Envoi Allen (16 February 2014 – 13 March 2026) was a French thoroughbred racehorse competing in National Hunt racing.

The bay gelding was bred in France and first raced in Ireland in a point to point at Ballinaboola where he won by 10 lengths.

Envoi Allen was sold at the Tattersalls Ireland Cheltenham February Sale for £400,000. Bloodstock agent Tom Malone purchased the horse on behalf of David and Patricia Thompson of Cheveley Park Stud.

Trained by Gordon Elliott in Ireland, Envoi Allen won his first 11 races under rules. This included victories at the Cheltenham Festival in two Grade 1s, winning the 2019 Champion Bumper under amateur jockey Jamie Codd, and the 2020 Ballymore Novices' Hurdle under Davy Russell.

In Ireland, he won three Grade 1 races: the 2019 Royal Bond Novice Hurdle and the 2020 Lawlor's of Naas Novice Hurdle, both times ridden by Russell, and the 2020 Drinmore Novice Chase, ridden by Jack Kennedy.

In March 2021, training was switched from Gordon Elliott to Henry De Bromhead. He got off to a poor start in his new yard as he fell in the Marsh Chase at Cheltenham in March 2021 and the following month was pulled up in the Dooley Insurance Champion Novice Chase at Punchestown, when he was ridden for the first time by Rachael Blackmore, who became his regular jockey until her retirement in May 2025. It was later revealed he had suffered an injury early in the race. After the summer break, he returned in October 2021 to victory in a Grade 2 Chase at Down Royal. In December 2021, he was unplaced in the John Durkan Memorial Punchestown Chase before winning the Grade 1 Paddy's Reward Club Chase at Leopardstown three weeks later. The season finished with defeats in the Queen Mother Champion Chase at Cheltenham and the Punchestown Champion Chase.

Envoi Allen ran four times in the 2022–23 season, winning the Grade 1 Ladbrokes Champion Chase at Down Royal and the Ryanair Chase at the Cheltenham Festival. In the 2023–24, he ran four times but did not win, coming second in both the races he had won the previous season. The following season, he ran three times, winning the 2024 Ladbrokes Champion Chase under Darragh O'Keeffe, unseating Blackmore in the King George VI Chase at Kempton, and coming third in the Ryanair Chase.
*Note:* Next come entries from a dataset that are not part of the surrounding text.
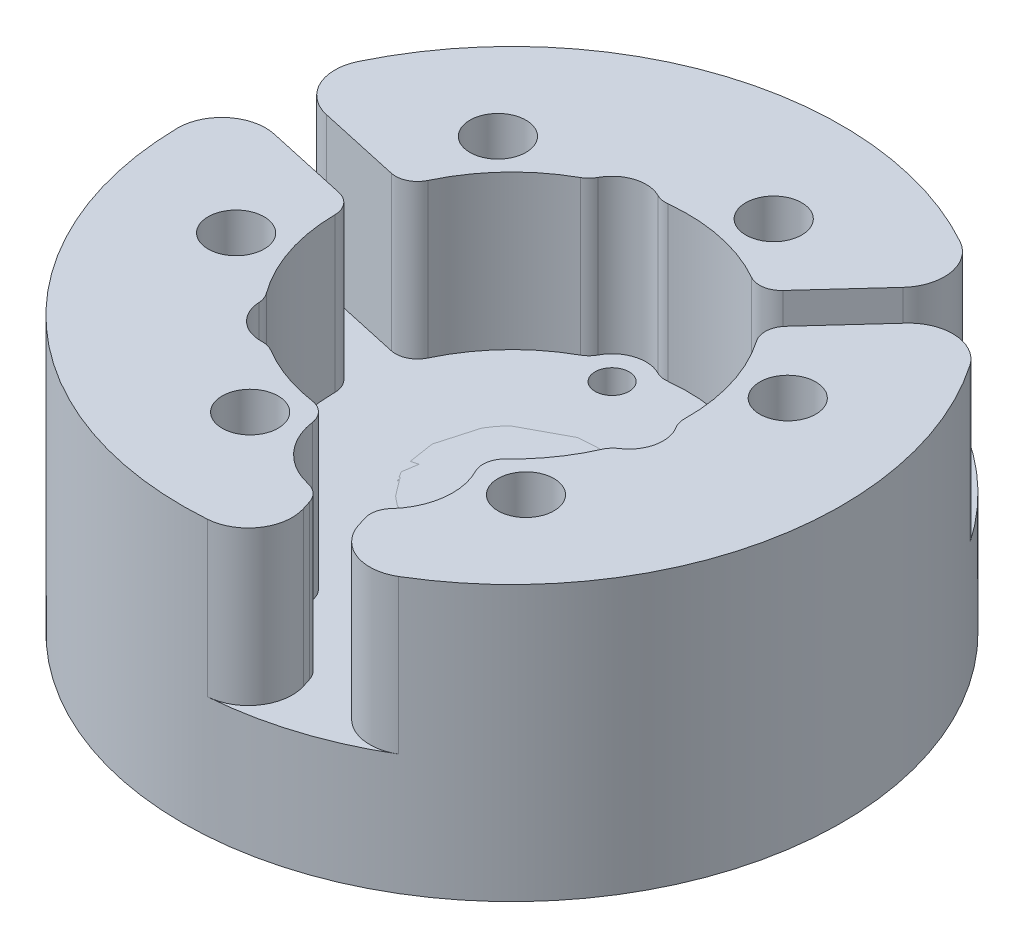
SolidWorks part; units mm, degrees
ref_plane "前视基准面" through (0, 0, 0) normal (0, 0, 1) x (1, 0, 0)
ref_plane "上视基准面" through (0, 0, 0) normal (0, 1, 0) x (1, 0, 0)
ref_plane "右视基准面" through (0, 0, 0) normal (1, 0, 0) x (0, 0, -1)
other "Configuration Table"
sketch "草图1" plane through (0, 0, 0) normal (0, 1, 0) x (1, 0, 0)
  circle A0 centre (0, 0) radius 30
  dimension "D1" = 60
extrude "凸台-拉伸1" add sketch "草图1" along normal blind 25
sketch "草图3" plane through (0, 25, 0) normal (0, 1, 0) x (1, 0, 0)
  circle A12 centre (-14.7658, 13.4896) radius 2.55
  circle A13 centre (4.2994, 19.5324) radius 2.55
  circle A14 centre (19.0653, 6.0428) radius 2.55
  circle A15 centre (14.7658, -13.4896) radius 2.55
  circle A16 centre (-4.2994, -19.5324) radius 2.55
  circle A17 centre (-19.0653, -6.0428) radius 2.55
  point P15 (0, 0)
  dimension "D1" = 6
extrude "切除-拉伸2" cut sketch "草图3" against normal through all
sketch "草图2" plane through (0, 25, 0) normal (0, 1, 0) x (1, 0, 0)
  line L0 (-19.0653, -6.0428) -> (-4.2994, -19.5324) construction
  line L1 (-11.6824, -12.7876) -> (0, 0) construction
  line L2 (-4.2994, -19.5324) -> (14.7658, -13.4896) construction
  line L3 (-1.2898, -5.8597) -> (4.4298, -4.0469)
  line L4 (4.4298, -4.0469) -> (5.7196, 1.8128)
  line L5 (5.7196, 1.8128) -> (1.2898, 5.8597)
  line L14 (5.2332, -16.511) -> (-5.2019, 16.4123) construction
  line L15 (1.2898, 5.8597) -> (-4.4298, 4.0469)
  line L16 (-4.4298, 4.0469) -> (-5.7196, -1.8128)
  line L17 (-5.7196, -1.8128) -> (-1.2898, -5.8597)
  circle A0 centre (0, 0) radius 5.1962 construction
  circle A1 centre (-4.23, 13.3457) radius 1.55
  circle A2 centre (13.6727, -3.0096) radius 1.55
  circle A3 centre (-9.4427, -10.3361) radius 1.55
  point P28 (0, 0)
  dimension "D1" = 3.1
  dimension "D2" = 14
  dimension "D3" = 6
  dimension "D4" = 3
extrude "切除-拉伸1" cut sketch "草图2" against normal through all
sketch "草图5" plane through (0, 25, 0) normal (0, 1, 0) x (1, 0, 0)
  line L3 (-1.0891, -13.94) -> (0.2828, -18.2683)
  line L4 (5.278, -21.4057) -> (8.0161, -20.5379)
  line L5 (10.2921, -15.0959) -> (8.9202, -10.7675)
  line L6 (-1.0891, -13.94) -> (0.2828, -18.2683)
  line L7 (5.278, -21.4057) -> (8.0161, -20.5379)
  line L8 (10.2921, -15.0959) -> (8.9202, -10.7675)
  arc A7 (0.2828, -18.2683) -> (2.0868, -20.8437) centre (5.2874, -16.6821) ccw
  arc A8 (2.0868, -20.8437) -> (5.278, -21.4057) centre (4.2206, -18.0693) ccw
  arc A9 (8.0161, -20.5379) -> (10.3009, -18.2402) centre (6.9586, -17.2015) ccw
  arc A10 (10.3009, -18.2402) -> (10.2921, -15.0959) centre (5.2874, -16.6821) ccw
  arc A11 (9.4319, -8.3546) -> (8.9202, -10.7675) centre (11.3034, -10.0122) ccw
  arc A12 (9.4319, -8.3546) -> (-2.8974, -12.2624) centre (0, 0) ccw
  arc A13 (-1.0891, -13.94) -> (-2.8974, -12.2624) centre (-3.4722, -14.6954) ccw
  arc A14 (0.2828, -18.2683) -> (2.0868, -20.8437) centre (5.2874, -16.6821) ccw
  arc A15 (2.0868, -20.8437) -> (5.278, -21.4057) centre (4.2206, -18.0693) ccw
  arc A16 (8.0161, -20.5379) -> (10.3009, -18.2402) centre (6.9586, -17.2015) ccw
  arc A17 (10.3009, -18.2402) -> (10.2921, -15.0959) centre (5.2874, -16.6821) ccw
  arc A18 (9.4319, -8.3546) -> (8.9202, -10.7675) centre (11.3034, -10.0122) ccw
  arc A19 (9.4319, -8.3546) -> (-2.8974, -12.2624) centre (0, 0) ccw
  arc A20 (-1.0891, -13.94) -> (-2.8974, -12.2624) centre (-3.4722, -14.6954) ccw
  dimension "D1" = 0
sketch "草图6" plane through (0, 25, 0) normal (0, 1, 0) x (1, 0, 0)
  circle A1 centre (0, 0) radius 16
  circle A2 centre (5.2874, -16.6821) radius 6
extrude "切除-拉伸4" cut sketch "草图6" against normal blind 14
sketch "草图8" plane through (0, 11, 0) normal (0, 1, 0) x (1, 0, 0)
  line L0 (0, 0) -> (-15106.966, 47663.1889) construction
  line L1 (-4.4298, 4.0469) -> (1.2898, 5.8597) construction
  line L2 (0, 0) -> (33724.0494, 36914.6108) construction
  line L3 (1.2898, 5.8597) -> (5.7196, 1.8128) construction
  line L4 (0, 0) -> (48831.0154, -10748.5781) construction
  line L5 (5.7196, 1.8128) -> (4.4298, -4.0469) construction
  line L6 (-35.3499, 7.7811) -> (-10.9344, 2.4069) construction
  line L7 (-34.92, 9.7344) -> (-10.5044, 4.3601)
  line L8 (-35.7798, 5.8279) -> (-11.3643, 0.4536)
  line L9 (-5.7196, -1.8128) -> (-4.4298, 4.0469) construction
  line L10 (24.4136, 26.7233) -> (7.5516, 8.266) construction
  line L11 (25.8902, 25.3744) -> (9.0282, 6.9171)
  line L12 (22.937, 28.0723) -> (6.075, 9.615)
  line L13 (10.9363, -34.5045) -> (3.3828, -10.6729) construction
  line L14 (9.0298, -35.1088) -> (1.4763, -11.2772)
  line L15 (12.8428, -33.9002) -> (5.2893, -10.0686)
  arc A0 (-34.92, 9.7344) -> (-35.7798, 5.8279) centre (-35.3499, 7.7811) ccw
  arc A1 (-11.3643, 0.4536) -> (-10.5044, 4.3601) centre (-10.9344, 2.4069) ccw
  arc A2 (25.8902, 25.3744) -> (22.937, 28.0723) centre (24.4136, 26.7233) ccw
  arc A3 (6.075, 9.615) -> (9.0282, 6.9171) centre (7.5516, 8.266) ccw
  arc A4 (9.0298, -35.1088) -> (12.8428, -33.9002) centre (10.9363, -34.5045) ccw
  arc A5 (5.2893, -10.0686) -> (1.4763, -11.2772) centre (3.3828, -10.6729) ccw
  point P5 (-1.57, 4.9533)
  point P10 (3.5047, 3.8363)
  point P15 (5.0747, -1.117)
  point P18 (-23.1421, 5.094)
  point P29 (15.9826, 17.4947)
  point P36 (7.1595, -22.5887)
  point P41 (0, 0)
  arc M2 (9.7578, -12.6801) -> (-0.672, -15.9859) centre (0, 0) ccw
  arc M3 (-0.672, -15.9859) -> (9.7578, -12.6801) centre (5.2874, -16.6821) ccw
  dimension "D3" = 2
  dimension "D1" = 25
  dimension "D2" = 6
  dimension "D4" = 3
extrude "切除-拉伸5" cut sketch "草图8" against normal up to surface (14 mm away) contours L7 A0 L8 M2 | L14 A4 L15 M3 | L11 A2 L12 M2
sketch "草图9" plane through (0, 0, 0) normal (0, -1, 0) x (1, 0, 0)
  circle A6 centre (-4.2994, 19.5324) radius 5.05
  circle A7 centre (14.7658, 13.4896) radius 5.05
  circle A8 centre (19.0653, -6.0428) radius 5.05
  circle A9 centre (4.2994, -19.5324) radius 5.05
  circle A10 centre (-14.7658, -13.4896) radius 5.05
  circle A11 centre (-19.0653, 6.0428) radius 5.05
  point P20 (0, 0)
  dimension "D1" = 6
extrude "切除-拉伸6" cut sketch "草图9" against normal blind 6
sketch "草图11" plane through (0, 25, 0) normal (0, 1, 0) x (1, 0, 0)
  circle A0 centre (-9.4427, -10.3361) radius 3.1
  circle A1 centre (13.6727, -3.0096) radius 3.1
  circle A2 centre (-4.23, 13.3457) radius 3.1
extrude "切除-拉伸7" cut sketch "草图11" against normal up to surface (14 mm away) up to face at (0.9454, 11, 2.9828)
fillet "圆角1" radius 4 6 edges at (-29.6634, 18, -4.4816) (10.9505, 18, 27.93) (21.666, 18, -20.7505) (18.7128, 18, -23.4485) (-28.8035, 18, -8.388) (7.1375, 18, 29.1386)
fillet "圆角2" radius 1 6 edges at (-4.4298, 5.5, -4.0469) (1.2898, 5.5, -5.8597) (5.7196, 5.5, -1.8128) (-1.2898, 5.5, 5.8597) (-5.7196, 5.5, 1.8128) (4.4298, 5.5, 4.0469)
fillet "圆角3" radius 2 14 edges at (-15.9333, 18, -1.4593) (-15.0734, 18, -5.3658) (-2.3675, 18, -15.8239) (-7.1799, 18, -14.2986) (9.2305, 18, -13.069) (14.8876, 18, 5.8616) (15.9729, 18, 0.9313) (9.7578, 18, 12.6801) (-0.672, 18, 15.9859) (8.9031, 18, 21.4703) (5.0901, 18, 22.6789) (-12.5201, 18, 9.9623) (-8.793, 18, 13.3672) (12.1836, 18, -10.3711)
sketch "草图12" plane through (0, 11, 0) normal (0, 1, 0) x (1, 0, 0)
  circle A12 centre (0, 0) radius 7.5
extrude "凸台-拉伸2" add sketch "草图12" against normal blind 2 separate body
sketch "草图13" plane through (0, 0, 0) normal (0, -1, 0) x (1, 0, 0)
  circle A0 centre (-4.23, -13.3457) radius 1.55 construction
  circle A1 centre (13.6727, 3.0096) radius 1.55 construction
  circle A2 centre (-9.4427, 10.3361) radius 1.55 construction
  circle A3 centre (-19.0653, 6.0428) radius 2.55 construction
  circle A4 centre (-19.0653, 6.0428) radius 5.05 construction
  circle A5 centre (-14.7658, -13.4896) radius 2.55 construction
  circle A6 centre (-14.7658, -13.4896) radius 5.05 construction
  circle A7 centre (4.2994, -19.5324) radius 2.55 construction
  circle A8 centre (4.2994, -19.5324) radius 5.05 construction
  circle A9 centre (19.0653, -6.0428) radius 2.55 construction
  circle A10 centre (19.0653, -6.0428) radius 5.05 construction
  circle A11 centre (14.7658, 13.4896) radius 2.55 construction
  circle A12 centre (14.7658, 13.4896) radius 5.05 construction
  circle A13 centre (-4.2994, 19.5324) radius 2.55 construction
  circle A14 centre (-4.2994, 19.5324) radius 5.05 construction
  circle A15 centre (0, 0) radius 30 construction
  circle A16 centre (-4.23, -13.3457) radius 1.55
  circle A17 centre (13.6727, 3.0096) radius 1.55
  circle A18 centre (-9.4427, 10.3361) radius 1.55
  circle A19 centre (-19.0653, 6.0428) radius 2.55
  circle A20 centre (-19.0653, 6.0428) radius 5.05
  circle A21 centre (-14.7658, -13.4896) radius 2.55
  circle A22 centre (-14.7658, -13.4896) radius 5.05
  circle A23 centre (4.2994, -19.5324) radius 2.55
  circle A24 centre (4.2994, -19.5324) radius 5.05
  circle A25 centre (19.0653, -6.0428) radius 2.55
  circle A26 centre (19.0653, -6.0428) radius 5.05
  circle A27 centre (14.7658, 13.4896) radius 2.55
  circle A28 centre (14.7658, 13.4896) radius 5.05
  circle A29 centre (-4.2994, 19.5324) radius 2.55
  circle A30 centre (-4.2994, 19.5324) radius 5.05
  circle A31 centre (0, 0) radius 30
  point P42 (0, 0)
  point P43 (0, 0)

The 2025–26 season began with a record third win in the BetVictor (formerly Ladbrokes) Champion Chase on 1 November 2025. The 12 year old was then entered in the Cheltenham Gold Cup on 13 March 2026. He finished last of the nine finishers and collapsed and died on the chute on his way to the unsaddling enclosure. He had been due to retire after the race.